● Dataset content:
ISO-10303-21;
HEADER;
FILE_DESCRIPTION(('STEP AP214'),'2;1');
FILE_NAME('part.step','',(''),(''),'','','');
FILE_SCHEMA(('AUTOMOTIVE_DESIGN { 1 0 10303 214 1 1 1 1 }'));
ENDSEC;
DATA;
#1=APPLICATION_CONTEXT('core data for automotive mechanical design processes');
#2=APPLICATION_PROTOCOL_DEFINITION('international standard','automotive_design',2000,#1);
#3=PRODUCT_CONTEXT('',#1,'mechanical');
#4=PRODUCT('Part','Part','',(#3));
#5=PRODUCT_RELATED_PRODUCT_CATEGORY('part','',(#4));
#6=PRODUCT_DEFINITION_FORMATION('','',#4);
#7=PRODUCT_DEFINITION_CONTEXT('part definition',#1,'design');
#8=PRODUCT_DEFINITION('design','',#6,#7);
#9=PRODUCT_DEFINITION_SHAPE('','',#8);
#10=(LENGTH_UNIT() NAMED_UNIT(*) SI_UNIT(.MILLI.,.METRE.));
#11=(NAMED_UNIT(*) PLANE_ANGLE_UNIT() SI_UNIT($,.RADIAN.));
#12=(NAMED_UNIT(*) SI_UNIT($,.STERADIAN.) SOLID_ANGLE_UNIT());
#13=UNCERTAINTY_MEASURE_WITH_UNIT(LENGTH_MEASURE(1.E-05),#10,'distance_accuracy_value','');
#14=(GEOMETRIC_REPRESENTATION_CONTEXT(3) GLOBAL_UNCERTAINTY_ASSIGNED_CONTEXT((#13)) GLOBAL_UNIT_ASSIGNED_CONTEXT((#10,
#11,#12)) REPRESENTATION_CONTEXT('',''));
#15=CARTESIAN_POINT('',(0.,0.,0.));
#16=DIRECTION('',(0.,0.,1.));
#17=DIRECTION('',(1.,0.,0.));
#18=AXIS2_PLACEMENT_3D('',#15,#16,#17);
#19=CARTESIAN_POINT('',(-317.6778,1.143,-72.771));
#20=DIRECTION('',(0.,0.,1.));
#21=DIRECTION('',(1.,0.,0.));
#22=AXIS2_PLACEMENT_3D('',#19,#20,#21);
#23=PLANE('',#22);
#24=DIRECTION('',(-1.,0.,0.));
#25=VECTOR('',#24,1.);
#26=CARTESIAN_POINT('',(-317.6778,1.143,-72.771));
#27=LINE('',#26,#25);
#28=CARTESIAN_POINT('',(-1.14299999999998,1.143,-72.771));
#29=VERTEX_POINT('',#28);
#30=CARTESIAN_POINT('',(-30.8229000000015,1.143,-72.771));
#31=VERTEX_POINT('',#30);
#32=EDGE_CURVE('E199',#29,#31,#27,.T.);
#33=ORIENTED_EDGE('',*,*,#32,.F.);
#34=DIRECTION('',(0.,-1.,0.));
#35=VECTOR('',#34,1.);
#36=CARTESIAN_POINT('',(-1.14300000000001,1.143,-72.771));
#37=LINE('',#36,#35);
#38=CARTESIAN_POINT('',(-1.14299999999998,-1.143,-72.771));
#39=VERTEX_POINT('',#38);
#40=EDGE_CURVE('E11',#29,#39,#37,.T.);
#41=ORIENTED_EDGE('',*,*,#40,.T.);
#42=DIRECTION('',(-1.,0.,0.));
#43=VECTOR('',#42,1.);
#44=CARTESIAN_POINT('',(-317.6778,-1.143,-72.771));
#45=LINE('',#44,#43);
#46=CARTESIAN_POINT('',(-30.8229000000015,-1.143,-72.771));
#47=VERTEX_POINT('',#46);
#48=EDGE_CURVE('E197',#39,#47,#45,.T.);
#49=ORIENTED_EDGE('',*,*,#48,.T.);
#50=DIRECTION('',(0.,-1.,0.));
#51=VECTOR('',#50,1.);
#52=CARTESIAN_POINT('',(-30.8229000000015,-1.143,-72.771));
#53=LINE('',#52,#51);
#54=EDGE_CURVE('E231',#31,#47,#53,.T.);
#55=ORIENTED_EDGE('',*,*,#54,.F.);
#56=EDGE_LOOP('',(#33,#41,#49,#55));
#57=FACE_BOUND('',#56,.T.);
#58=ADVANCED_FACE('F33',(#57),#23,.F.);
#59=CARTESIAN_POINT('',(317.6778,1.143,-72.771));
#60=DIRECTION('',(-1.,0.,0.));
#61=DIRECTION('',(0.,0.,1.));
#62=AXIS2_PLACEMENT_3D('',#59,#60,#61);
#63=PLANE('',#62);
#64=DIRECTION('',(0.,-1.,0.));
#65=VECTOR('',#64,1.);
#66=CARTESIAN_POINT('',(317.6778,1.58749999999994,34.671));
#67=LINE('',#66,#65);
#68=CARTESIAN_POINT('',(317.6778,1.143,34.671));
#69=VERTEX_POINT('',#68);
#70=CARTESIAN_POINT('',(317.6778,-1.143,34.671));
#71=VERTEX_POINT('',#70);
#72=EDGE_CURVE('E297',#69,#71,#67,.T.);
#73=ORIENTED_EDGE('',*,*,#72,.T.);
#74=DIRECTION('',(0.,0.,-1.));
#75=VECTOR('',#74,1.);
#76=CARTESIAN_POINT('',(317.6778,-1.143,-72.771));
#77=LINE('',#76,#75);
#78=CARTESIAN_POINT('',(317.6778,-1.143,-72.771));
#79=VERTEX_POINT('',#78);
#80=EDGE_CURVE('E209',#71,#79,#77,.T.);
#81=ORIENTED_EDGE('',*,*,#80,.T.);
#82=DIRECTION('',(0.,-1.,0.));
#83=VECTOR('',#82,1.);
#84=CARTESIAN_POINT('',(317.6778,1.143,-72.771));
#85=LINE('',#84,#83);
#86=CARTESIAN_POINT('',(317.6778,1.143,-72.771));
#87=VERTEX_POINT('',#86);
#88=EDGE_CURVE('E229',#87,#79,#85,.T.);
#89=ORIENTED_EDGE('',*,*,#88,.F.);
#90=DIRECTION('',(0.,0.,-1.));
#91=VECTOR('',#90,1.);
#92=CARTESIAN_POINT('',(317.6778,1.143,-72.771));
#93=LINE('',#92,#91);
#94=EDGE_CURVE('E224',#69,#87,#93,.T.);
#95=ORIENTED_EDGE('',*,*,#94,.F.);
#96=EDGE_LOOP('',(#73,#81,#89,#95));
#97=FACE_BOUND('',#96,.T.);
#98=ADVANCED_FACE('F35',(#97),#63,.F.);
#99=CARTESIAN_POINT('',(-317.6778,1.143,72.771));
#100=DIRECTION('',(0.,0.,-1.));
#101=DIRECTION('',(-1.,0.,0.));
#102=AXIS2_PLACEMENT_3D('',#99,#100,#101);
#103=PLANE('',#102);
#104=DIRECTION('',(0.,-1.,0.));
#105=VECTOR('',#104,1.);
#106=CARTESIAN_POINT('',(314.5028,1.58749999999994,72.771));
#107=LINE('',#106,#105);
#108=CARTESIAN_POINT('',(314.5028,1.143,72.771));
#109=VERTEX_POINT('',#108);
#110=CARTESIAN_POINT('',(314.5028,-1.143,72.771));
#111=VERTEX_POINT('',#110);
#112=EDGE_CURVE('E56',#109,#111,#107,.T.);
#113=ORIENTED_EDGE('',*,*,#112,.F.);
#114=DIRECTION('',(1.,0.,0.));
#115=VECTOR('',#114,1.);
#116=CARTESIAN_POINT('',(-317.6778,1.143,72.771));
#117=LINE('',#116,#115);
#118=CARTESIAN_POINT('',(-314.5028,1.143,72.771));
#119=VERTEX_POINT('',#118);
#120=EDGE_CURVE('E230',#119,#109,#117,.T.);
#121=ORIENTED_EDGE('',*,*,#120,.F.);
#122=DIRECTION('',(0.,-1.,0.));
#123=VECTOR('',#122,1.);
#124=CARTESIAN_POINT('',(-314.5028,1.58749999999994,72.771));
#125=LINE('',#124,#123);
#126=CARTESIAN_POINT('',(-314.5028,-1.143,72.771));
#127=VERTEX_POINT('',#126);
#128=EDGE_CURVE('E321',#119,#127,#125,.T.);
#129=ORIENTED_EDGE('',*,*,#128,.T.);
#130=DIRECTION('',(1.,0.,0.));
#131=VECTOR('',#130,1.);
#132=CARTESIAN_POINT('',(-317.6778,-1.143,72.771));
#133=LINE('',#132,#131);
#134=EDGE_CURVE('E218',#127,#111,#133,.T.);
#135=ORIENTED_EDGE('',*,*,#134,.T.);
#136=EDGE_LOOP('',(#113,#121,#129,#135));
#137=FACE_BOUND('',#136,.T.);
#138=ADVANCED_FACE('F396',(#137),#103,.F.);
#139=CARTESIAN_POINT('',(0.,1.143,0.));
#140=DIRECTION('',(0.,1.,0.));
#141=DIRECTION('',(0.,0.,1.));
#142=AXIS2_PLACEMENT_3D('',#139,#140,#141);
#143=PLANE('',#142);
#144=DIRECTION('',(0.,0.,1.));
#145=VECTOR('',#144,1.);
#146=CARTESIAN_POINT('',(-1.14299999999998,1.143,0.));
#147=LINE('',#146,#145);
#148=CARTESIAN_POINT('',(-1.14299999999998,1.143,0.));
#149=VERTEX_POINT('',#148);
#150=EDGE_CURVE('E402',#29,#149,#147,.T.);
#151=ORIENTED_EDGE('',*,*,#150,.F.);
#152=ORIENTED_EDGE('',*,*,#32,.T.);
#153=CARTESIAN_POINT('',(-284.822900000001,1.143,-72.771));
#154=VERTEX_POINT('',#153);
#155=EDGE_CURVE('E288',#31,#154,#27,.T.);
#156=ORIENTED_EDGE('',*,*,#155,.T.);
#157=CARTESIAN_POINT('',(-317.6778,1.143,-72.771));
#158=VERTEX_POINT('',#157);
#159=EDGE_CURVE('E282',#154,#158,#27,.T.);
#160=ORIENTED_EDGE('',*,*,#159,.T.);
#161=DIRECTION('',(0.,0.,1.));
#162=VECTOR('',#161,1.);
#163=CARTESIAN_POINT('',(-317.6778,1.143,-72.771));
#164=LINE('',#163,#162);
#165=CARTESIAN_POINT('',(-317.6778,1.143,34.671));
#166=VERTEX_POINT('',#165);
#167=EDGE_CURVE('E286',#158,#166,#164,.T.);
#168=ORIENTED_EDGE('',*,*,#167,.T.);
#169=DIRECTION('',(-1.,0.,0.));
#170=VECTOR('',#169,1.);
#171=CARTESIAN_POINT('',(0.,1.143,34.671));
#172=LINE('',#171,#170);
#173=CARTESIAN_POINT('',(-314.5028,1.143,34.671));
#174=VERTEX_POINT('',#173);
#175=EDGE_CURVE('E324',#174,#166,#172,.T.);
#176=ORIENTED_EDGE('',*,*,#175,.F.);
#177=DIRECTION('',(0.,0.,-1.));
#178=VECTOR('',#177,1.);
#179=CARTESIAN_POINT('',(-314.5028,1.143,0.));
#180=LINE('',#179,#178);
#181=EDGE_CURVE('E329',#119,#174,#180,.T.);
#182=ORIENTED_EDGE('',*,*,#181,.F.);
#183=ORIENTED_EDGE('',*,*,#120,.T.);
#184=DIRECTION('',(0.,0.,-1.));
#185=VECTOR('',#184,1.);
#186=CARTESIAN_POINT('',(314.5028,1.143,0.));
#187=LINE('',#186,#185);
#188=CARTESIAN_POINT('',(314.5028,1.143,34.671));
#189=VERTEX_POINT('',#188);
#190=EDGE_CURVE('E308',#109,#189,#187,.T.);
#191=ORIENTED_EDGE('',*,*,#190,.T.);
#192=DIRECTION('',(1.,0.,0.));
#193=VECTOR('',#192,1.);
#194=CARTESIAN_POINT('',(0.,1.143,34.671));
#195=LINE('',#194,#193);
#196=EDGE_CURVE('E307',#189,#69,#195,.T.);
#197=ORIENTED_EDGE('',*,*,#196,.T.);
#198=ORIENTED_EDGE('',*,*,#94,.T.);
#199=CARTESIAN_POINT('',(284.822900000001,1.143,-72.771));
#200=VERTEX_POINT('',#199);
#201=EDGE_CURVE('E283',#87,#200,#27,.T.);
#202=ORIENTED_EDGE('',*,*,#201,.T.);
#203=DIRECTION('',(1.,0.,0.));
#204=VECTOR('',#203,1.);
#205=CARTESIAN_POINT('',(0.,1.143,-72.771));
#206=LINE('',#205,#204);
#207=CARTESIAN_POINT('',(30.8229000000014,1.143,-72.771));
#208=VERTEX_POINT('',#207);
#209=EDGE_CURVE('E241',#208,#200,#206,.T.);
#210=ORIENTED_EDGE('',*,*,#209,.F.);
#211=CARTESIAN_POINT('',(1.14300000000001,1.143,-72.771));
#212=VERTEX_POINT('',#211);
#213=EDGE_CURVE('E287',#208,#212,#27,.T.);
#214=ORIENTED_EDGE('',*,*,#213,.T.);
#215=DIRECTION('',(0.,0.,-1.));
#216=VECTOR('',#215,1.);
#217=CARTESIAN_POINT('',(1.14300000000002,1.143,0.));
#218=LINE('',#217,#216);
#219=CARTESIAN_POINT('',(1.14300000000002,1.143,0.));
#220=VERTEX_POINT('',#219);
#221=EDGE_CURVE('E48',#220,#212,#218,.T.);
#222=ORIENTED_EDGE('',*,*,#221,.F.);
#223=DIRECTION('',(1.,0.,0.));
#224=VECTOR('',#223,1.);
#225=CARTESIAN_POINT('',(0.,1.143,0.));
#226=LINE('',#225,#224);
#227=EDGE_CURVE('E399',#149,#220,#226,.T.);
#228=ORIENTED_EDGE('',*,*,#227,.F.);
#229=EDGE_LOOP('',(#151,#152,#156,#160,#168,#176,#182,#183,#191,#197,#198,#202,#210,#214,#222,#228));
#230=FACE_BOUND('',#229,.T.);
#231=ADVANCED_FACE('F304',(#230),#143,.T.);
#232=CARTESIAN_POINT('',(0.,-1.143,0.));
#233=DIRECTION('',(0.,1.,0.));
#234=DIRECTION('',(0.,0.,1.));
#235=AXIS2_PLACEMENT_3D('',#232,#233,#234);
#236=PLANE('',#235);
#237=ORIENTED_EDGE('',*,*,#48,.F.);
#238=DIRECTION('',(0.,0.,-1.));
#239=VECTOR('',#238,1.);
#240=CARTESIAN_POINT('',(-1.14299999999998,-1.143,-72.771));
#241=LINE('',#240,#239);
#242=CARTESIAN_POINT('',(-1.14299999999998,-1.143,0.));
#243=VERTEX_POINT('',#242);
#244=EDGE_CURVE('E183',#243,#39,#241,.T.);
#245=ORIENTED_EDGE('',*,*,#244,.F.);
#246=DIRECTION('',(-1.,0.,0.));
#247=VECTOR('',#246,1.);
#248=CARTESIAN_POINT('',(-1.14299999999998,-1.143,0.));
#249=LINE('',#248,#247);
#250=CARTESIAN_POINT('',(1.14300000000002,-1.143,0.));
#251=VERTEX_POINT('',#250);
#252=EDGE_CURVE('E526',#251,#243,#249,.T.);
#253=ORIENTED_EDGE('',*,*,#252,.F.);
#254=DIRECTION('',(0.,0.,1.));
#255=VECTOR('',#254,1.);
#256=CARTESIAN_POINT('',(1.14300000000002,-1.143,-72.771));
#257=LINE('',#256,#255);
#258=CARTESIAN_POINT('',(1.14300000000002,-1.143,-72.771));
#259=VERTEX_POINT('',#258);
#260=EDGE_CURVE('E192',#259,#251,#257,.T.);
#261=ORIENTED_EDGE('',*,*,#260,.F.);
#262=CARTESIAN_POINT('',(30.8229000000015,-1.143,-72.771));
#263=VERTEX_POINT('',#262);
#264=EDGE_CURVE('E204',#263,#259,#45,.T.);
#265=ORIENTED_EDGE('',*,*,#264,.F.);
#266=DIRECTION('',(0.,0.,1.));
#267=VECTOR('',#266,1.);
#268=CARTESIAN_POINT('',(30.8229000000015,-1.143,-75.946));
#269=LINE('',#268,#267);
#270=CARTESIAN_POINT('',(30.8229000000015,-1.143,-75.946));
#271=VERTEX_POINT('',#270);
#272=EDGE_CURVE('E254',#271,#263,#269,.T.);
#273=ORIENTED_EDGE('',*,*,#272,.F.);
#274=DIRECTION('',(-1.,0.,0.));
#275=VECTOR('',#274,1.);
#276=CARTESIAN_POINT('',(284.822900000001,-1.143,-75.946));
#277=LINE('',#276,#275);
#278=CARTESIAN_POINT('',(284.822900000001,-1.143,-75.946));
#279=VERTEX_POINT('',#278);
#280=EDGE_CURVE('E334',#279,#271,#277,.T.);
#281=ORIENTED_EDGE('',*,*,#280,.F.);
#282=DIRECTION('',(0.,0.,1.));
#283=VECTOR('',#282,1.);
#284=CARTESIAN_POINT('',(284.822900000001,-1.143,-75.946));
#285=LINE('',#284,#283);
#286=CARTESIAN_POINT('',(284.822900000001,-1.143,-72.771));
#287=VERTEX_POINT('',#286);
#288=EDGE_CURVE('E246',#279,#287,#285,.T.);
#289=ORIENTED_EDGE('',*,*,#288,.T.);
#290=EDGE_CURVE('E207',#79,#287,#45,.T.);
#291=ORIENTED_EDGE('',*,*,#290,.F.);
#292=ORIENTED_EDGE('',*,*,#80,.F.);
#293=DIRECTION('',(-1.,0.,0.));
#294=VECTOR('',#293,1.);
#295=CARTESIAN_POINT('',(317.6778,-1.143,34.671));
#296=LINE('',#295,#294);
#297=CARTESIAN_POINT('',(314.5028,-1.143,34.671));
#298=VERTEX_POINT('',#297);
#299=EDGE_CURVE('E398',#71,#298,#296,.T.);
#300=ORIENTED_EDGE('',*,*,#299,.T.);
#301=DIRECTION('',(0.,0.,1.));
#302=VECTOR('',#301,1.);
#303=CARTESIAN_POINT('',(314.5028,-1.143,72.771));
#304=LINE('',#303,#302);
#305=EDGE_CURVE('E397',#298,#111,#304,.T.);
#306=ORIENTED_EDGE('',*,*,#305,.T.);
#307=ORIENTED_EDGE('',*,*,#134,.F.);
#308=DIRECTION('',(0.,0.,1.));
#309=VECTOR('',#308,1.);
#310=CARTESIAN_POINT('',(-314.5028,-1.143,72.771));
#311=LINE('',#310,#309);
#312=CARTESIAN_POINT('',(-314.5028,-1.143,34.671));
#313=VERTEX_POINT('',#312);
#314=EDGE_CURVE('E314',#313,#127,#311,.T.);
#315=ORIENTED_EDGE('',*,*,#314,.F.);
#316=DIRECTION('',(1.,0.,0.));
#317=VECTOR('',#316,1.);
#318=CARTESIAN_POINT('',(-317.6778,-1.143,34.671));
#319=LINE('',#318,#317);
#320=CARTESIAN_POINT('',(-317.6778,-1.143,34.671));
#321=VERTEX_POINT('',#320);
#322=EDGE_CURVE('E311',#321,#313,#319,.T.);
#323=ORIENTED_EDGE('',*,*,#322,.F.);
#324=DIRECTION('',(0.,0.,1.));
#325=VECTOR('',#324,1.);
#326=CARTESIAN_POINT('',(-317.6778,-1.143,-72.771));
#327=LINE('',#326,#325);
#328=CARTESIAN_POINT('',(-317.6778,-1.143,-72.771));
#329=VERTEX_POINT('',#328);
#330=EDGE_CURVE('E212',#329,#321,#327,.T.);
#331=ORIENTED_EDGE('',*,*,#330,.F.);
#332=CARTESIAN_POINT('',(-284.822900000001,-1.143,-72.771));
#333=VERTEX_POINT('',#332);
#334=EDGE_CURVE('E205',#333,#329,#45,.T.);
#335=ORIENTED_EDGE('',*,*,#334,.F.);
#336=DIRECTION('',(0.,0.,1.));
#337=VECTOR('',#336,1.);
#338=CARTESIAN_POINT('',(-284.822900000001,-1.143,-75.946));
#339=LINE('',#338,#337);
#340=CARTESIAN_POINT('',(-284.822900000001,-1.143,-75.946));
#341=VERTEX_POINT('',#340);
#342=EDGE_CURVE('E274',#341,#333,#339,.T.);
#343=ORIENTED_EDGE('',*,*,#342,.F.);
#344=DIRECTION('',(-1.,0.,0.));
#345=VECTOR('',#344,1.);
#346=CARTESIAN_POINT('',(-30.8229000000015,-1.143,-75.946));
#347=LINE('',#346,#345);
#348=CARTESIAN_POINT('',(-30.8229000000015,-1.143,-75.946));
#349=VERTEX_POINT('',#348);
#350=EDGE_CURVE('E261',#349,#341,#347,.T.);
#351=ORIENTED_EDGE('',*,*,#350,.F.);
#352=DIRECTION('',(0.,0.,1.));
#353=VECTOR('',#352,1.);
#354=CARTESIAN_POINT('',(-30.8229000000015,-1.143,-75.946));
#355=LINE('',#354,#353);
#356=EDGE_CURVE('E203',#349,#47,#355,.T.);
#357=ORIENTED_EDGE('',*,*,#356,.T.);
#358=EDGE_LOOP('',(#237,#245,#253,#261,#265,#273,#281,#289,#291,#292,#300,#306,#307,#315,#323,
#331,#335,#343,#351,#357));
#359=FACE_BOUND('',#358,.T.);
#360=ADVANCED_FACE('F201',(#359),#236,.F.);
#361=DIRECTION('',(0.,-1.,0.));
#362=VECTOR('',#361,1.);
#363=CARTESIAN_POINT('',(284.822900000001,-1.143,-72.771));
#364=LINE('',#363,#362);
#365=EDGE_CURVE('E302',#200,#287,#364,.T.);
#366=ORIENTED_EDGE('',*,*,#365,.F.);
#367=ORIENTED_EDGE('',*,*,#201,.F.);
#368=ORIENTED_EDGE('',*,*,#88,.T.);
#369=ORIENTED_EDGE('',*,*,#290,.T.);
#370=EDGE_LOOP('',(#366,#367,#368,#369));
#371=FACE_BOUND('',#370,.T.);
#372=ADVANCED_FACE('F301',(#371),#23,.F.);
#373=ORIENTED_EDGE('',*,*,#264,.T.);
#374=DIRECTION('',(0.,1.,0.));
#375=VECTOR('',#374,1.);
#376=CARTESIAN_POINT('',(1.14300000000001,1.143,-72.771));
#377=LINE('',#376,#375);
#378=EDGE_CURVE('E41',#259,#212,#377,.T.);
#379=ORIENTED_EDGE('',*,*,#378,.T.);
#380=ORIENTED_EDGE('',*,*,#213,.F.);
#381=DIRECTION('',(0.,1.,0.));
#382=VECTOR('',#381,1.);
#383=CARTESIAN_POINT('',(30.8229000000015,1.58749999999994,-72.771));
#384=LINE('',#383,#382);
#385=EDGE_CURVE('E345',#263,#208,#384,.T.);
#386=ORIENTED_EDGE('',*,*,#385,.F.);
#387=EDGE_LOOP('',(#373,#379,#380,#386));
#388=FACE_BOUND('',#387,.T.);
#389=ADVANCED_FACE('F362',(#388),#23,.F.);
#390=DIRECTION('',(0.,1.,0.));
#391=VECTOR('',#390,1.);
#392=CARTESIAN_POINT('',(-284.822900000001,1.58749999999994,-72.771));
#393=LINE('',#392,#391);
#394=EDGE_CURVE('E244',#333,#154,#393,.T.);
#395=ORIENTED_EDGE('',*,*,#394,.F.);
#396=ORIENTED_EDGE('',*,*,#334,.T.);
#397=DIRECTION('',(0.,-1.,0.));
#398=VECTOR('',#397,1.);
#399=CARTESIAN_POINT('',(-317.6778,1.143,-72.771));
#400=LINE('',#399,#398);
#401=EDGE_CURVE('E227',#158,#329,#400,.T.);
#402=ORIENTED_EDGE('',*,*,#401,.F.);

● What to do:
Please reproduce exactly the lines from the first one of the records above through the line containing "#3=PRODUCT_CONTEXT('',#1,'mechanical');", both included, and nothing else.

● Written solution:
ISO-10303-21;
HEADER;
FILE_DESCRIPTION(('STEP AP214'),'2;1');
FILE_NAME('part.step','',(''),(''),'','','');
FILE_SCHEMA(('AUTOMOTIVE_DESIGN { 1 0 10303 214 1 1 1 1 }'));
ENDSEC;
DATA;
#1=APPLICATION_CONTEXT('core data for automotive mechanical design processes');
#2=APPLICATION_PROTOCOL_DEFINITION('international standard','automotive_design',2000,#1);
#3=PRODUCT_CONTEXT('',#1,'mechanical');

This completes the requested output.